Your task: Your answer must be every line of the data below that holds the string "size", copied exactly.

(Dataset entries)

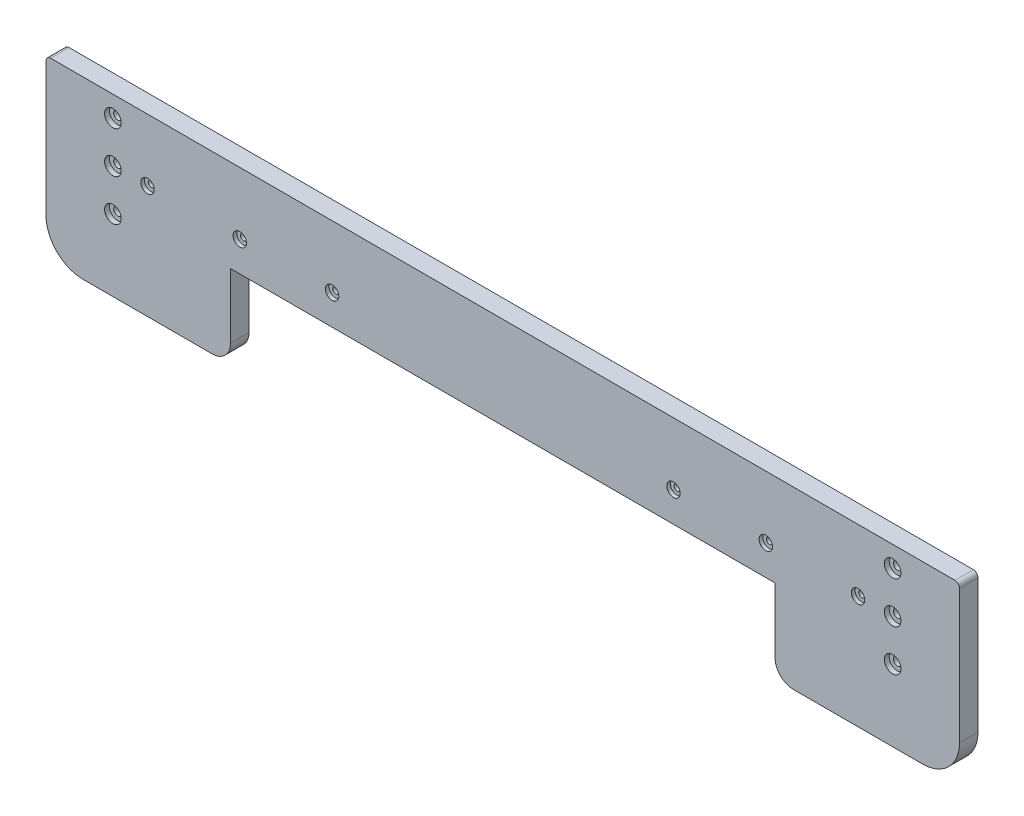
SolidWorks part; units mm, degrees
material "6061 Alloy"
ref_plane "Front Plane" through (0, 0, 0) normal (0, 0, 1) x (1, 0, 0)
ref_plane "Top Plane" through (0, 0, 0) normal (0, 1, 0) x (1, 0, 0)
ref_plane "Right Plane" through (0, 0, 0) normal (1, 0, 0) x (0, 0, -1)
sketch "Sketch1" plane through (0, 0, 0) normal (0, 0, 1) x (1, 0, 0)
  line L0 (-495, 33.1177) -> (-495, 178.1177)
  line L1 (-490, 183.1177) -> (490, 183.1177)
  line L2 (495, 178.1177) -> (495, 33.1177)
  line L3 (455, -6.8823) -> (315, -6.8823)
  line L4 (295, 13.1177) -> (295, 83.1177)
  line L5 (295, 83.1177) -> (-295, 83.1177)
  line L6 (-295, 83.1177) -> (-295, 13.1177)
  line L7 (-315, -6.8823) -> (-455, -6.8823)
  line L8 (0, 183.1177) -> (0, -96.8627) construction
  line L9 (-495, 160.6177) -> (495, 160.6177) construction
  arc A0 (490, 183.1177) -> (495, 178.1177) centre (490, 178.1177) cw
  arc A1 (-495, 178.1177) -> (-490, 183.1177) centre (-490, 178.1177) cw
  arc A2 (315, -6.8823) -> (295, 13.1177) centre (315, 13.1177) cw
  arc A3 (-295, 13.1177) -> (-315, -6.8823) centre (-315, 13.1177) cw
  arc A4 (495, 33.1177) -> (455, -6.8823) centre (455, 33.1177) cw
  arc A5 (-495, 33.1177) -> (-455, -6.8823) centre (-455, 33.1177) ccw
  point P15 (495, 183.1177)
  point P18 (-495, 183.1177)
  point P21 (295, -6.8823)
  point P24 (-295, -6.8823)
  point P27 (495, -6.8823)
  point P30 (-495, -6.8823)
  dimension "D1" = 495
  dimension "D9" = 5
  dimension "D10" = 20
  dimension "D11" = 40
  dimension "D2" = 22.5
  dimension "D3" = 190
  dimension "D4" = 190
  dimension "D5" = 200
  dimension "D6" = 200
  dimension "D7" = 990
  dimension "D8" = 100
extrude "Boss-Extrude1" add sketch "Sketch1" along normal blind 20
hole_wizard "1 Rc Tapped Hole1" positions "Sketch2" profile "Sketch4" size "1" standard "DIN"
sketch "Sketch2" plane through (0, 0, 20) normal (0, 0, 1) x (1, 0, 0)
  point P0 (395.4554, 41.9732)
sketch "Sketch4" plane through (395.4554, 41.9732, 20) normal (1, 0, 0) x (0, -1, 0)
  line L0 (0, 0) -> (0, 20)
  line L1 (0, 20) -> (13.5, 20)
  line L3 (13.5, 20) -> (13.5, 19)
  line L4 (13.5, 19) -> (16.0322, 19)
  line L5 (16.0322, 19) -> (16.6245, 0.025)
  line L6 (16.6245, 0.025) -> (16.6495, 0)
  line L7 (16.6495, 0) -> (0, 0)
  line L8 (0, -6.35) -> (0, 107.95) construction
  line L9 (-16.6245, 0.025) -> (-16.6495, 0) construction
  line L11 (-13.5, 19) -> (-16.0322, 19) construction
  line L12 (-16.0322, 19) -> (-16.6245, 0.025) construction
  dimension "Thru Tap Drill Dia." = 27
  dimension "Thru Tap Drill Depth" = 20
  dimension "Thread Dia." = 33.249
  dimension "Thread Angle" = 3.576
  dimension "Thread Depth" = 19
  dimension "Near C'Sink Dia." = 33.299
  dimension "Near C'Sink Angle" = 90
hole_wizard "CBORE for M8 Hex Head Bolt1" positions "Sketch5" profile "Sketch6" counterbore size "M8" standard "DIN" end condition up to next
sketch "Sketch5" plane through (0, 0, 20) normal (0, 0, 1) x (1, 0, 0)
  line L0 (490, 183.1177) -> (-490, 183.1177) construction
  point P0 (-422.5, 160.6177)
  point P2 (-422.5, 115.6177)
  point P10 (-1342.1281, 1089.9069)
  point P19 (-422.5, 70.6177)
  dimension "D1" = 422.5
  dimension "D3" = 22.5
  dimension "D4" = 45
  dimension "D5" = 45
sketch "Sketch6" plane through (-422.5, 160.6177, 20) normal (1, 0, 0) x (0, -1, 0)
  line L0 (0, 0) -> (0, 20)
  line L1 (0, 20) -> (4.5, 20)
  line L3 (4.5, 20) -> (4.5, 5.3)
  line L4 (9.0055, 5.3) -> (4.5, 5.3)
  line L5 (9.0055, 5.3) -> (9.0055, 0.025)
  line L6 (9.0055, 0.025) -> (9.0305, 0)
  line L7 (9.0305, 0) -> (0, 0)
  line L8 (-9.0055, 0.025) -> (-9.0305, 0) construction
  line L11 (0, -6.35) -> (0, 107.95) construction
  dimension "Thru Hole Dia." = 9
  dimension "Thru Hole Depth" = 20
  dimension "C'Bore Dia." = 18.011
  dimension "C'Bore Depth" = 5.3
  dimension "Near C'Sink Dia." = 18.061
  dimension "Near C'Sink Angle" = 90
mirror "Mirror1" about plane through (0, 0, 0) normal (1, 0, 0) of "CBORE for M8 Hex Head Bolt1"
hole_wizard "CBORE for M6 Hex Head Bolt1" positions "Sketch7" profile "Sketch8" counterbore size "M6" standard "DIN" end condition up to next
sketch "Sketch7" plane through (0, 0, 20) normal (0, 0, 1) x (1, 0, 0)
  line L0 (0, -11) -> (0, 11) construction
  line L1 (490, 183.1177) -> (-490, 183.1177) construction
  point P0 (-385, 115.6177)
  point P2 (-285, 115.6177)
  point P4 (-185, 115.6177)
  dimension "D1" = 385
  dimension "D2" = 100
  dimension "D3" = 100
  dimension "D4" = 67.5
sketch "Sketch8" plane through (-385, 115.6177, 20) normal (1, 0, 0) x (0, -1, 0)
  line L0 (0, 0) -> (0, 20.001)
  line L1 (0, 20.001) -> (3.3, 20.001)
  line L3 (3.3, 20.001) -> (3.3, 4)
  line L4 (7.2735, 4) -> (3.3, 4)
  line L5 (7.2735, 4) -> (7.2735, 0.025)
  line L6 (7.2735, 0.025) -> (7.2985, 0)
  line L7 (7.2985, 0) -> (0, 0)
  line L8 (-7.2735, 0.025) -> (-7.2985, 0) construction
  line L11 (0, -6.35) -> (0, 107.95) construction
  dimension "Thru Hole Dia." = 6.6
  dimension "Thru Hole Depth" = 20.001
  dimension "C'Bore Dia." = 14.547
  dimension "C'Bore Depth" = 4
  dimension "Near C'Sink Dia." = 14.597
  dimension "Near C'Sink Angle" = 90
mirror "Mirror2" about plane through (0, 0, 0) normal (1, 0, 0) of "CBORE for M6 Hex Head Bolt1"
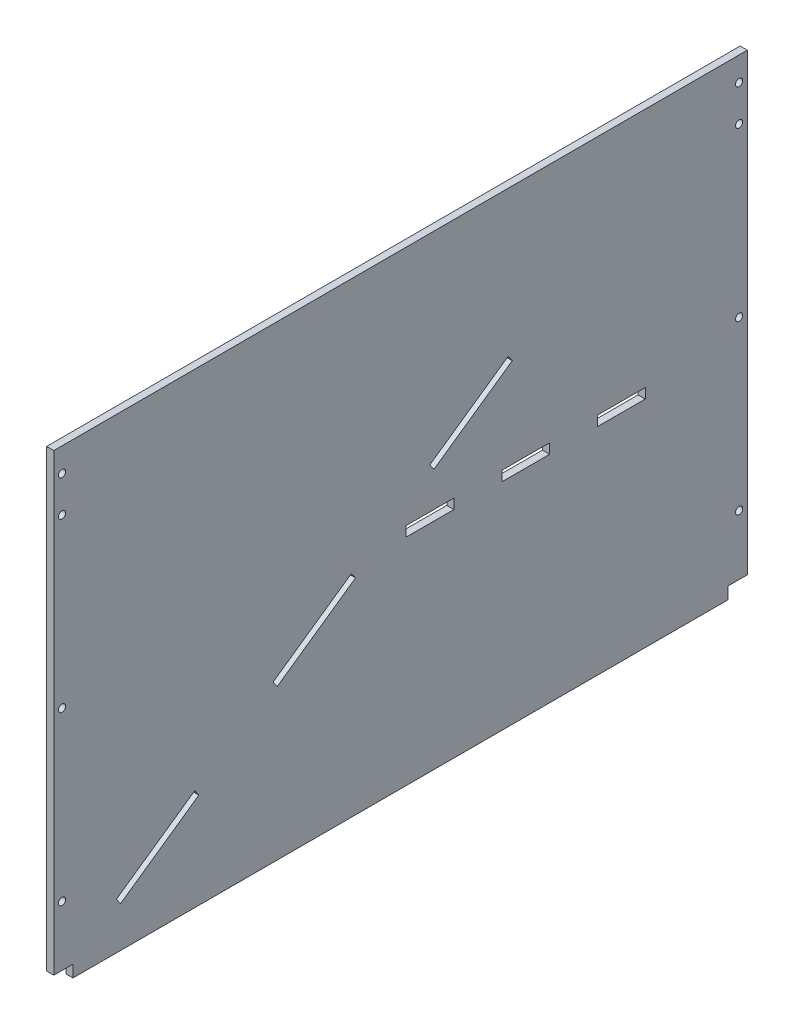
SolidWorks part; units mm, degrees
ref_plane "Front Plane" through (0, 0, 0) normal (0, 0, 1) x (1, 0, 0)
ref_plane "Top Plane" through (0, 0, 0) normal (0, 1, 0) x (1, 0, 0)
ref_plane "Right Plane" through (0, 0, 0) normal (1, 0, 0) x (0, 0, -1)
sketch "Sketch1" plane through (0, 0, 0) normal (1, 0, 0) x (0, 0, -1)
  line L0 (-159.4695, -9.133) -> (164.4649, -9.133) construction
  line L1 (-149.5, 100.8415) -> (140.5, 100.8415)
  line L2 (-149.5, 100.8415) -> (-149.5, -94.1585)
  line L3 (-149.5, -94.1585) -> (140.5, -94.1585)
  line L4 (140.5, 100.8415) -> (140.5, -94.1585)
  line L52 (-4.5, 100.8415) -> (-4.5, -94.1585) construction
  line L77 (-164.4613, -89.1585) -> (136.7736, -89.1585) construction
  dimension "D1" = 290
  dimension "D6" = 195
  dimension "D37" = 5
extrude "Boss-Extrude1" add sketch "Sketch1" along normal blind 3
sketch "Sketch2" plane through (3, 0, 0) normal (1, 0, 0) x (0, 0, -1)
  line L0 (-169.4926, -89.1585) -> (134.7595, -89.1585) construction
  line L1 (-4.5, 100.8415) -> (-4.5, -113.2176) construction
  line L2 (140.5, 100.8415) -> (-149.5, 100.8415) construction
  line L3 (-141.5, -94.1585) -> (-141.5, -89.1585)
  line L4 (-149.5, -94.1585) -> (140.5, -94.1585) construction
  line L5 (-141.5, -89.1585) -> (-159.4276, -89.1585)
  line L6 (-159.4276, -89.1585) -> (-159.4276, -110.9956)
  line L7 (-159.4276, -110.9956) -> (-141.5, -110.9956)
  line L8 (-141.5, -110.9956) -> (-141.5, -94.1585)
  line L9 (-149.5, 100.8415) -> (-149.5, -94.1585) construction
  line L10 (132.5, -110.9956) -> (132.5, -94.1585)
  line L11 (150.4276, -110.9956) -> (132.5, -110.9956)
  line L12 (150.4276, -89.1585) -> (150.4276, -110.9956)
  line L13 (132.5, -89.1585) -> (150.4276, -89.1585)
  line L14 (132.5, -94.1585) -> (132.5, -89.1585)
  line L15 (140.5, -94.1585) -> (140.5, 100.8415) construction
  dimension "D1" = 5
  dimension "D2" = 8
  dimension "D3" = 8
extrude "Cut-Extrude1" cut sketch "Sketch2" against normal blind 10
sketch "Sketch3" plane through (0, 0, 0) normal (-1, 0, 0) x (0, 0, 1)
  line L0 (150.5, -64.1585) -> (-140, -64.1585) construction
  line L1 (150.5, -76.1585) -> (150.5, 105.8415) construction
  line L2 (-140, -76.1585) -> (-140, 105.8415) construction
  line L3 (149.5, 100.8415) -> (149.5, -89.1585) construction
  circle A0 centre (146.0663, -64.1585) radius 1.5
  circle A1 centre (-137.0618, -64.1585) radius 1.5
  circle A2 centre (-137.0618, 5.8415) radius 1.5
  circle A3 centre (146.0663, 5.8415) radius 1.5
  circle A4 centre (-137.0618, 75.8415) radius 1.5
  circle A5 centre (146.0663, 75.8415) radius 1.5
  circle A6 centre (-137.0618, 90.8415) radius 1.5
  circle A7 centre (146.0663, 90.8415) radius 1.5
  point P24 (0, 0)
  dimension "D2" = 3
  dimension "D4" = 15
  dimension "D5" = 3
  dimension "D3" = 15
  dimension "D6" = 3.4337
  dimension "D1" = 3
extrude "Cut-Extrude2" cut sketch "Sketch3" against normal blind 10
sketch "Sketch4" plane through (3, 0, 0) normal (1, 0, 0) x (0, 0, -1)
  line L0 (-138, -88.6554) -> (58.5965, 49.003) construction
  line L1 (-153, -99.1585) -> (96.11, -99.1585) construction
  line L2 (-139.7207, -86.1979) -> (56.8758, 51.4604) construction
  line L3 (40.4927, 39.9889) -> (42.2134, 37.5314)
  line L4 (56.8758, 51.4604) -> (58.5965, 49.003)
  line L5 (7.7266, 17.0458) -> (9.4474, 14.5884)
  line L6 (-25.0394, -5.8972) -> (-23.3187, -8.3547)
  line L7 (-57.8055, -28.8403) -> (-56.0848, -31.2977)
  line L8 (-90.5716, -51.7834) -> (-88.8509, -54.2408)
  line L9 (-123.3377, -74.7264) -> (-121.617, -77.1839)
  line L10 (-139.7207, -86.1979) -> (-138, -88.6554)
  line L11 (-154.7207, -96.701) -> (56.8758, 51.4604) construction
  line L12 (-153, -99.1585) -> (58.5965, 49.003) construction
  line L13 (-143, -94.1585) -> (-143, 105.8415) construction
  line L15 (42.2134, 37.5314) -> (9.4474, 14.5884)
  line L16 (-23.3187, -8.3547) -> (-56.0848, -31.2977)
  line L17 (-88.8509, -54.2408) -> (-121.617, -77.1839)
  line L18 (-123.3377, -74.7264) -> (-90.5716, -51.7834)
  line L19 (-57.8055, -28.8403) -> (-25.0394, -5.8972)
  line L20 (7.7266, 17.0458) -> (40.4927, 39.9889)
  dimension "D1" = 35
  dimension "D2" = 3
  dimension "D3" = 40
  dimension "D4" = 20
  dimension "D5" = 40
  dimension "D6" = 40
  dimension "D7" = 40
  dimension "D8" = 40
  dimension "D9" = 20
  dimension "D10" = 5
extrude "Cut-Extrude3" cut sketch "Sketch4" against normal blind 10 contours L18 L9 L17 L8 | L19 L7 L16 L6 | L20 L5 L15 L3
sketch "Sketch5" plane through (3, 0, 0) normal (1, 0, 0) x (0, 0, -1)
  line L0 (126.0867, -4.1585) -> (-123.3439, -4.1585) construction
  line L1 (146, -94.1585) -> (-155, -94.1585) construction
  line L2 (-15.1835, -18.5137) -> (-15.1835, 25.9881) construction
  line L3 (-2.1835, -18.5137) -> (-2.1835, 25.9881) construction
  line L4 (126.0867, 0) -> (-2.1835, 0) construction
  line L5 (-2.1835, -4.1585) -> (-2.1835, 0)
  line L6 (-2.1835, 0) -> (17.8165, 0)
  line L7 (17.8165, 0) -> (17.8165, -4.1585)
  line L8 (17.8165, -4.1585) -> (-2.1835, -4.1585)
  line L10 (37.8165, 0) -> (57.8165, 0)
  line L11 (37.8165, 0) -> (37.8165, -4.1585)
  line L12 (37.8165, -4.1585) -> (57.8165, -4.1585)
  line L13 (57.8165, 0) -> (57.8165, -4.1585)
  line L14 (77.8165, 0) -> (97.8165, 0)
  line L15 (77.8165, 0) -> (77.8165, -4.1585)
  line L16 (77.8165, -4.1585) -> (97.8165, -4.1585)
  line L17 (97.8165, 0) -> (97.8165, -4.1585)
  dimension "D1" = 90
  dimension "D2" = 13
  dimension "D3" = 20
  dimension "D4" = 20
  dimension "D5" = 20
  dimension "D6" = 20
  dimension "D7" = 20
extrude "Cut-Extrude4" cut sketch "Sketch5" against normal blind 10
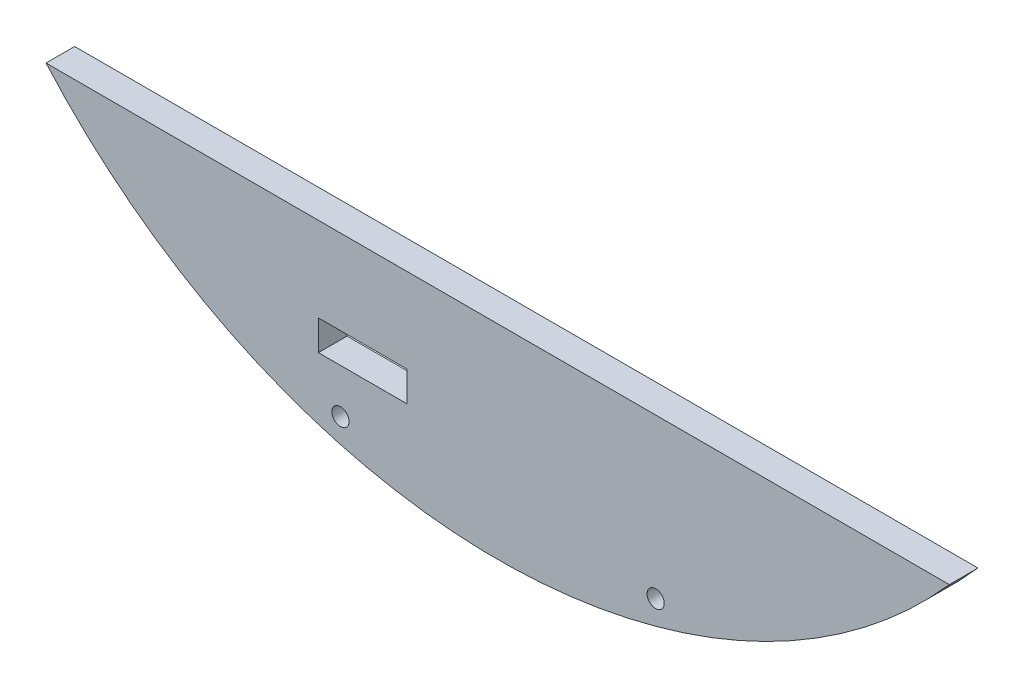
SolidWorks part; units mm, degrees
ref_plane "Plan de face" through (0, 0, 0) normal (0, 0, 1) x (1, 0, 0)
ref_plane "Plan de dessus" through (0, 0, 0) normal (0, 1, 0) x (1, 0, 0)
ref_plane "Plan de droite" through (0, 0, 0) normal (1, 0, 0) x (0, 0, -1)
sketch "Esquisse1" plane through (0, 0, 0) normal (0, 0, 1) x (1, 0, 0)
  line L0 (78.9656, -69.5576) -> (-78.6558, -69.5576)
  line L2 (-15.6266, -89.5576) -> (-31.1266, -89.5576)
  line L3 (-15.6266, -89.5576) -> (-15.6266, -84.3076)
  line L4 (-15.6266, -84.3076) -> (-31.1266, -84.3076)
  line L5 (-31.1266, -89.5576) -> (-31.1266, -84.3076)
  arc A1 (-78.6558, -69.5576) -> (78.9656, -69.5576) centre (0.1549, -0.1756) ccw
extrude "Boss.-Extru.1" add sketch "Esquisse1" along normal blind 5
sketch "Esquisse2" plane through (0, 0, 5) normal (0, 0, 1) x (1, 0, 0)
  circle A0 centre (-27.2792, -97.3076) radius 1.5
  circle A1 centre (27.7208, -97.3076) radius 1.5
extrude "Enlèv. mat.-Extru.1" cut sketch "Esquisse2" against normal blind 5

Exercise response:
hole_wizard "1 Rc Tapped Hole1" positions "Sketch2" profile "Sketch4" size "1" standard "DIN"
hole_wizard "CBORE for M8 Hex Head Bolt1" positions "Sketch5" profile "Sketch6" counterbore size "M8" standard "DIN" end condition up to next
hole_wizard "CBORE for M6 Hex Head Bolt1" positions "Sketch7" profile "Sketch8" counterbore size "M6" standard "DIN" end condition up to next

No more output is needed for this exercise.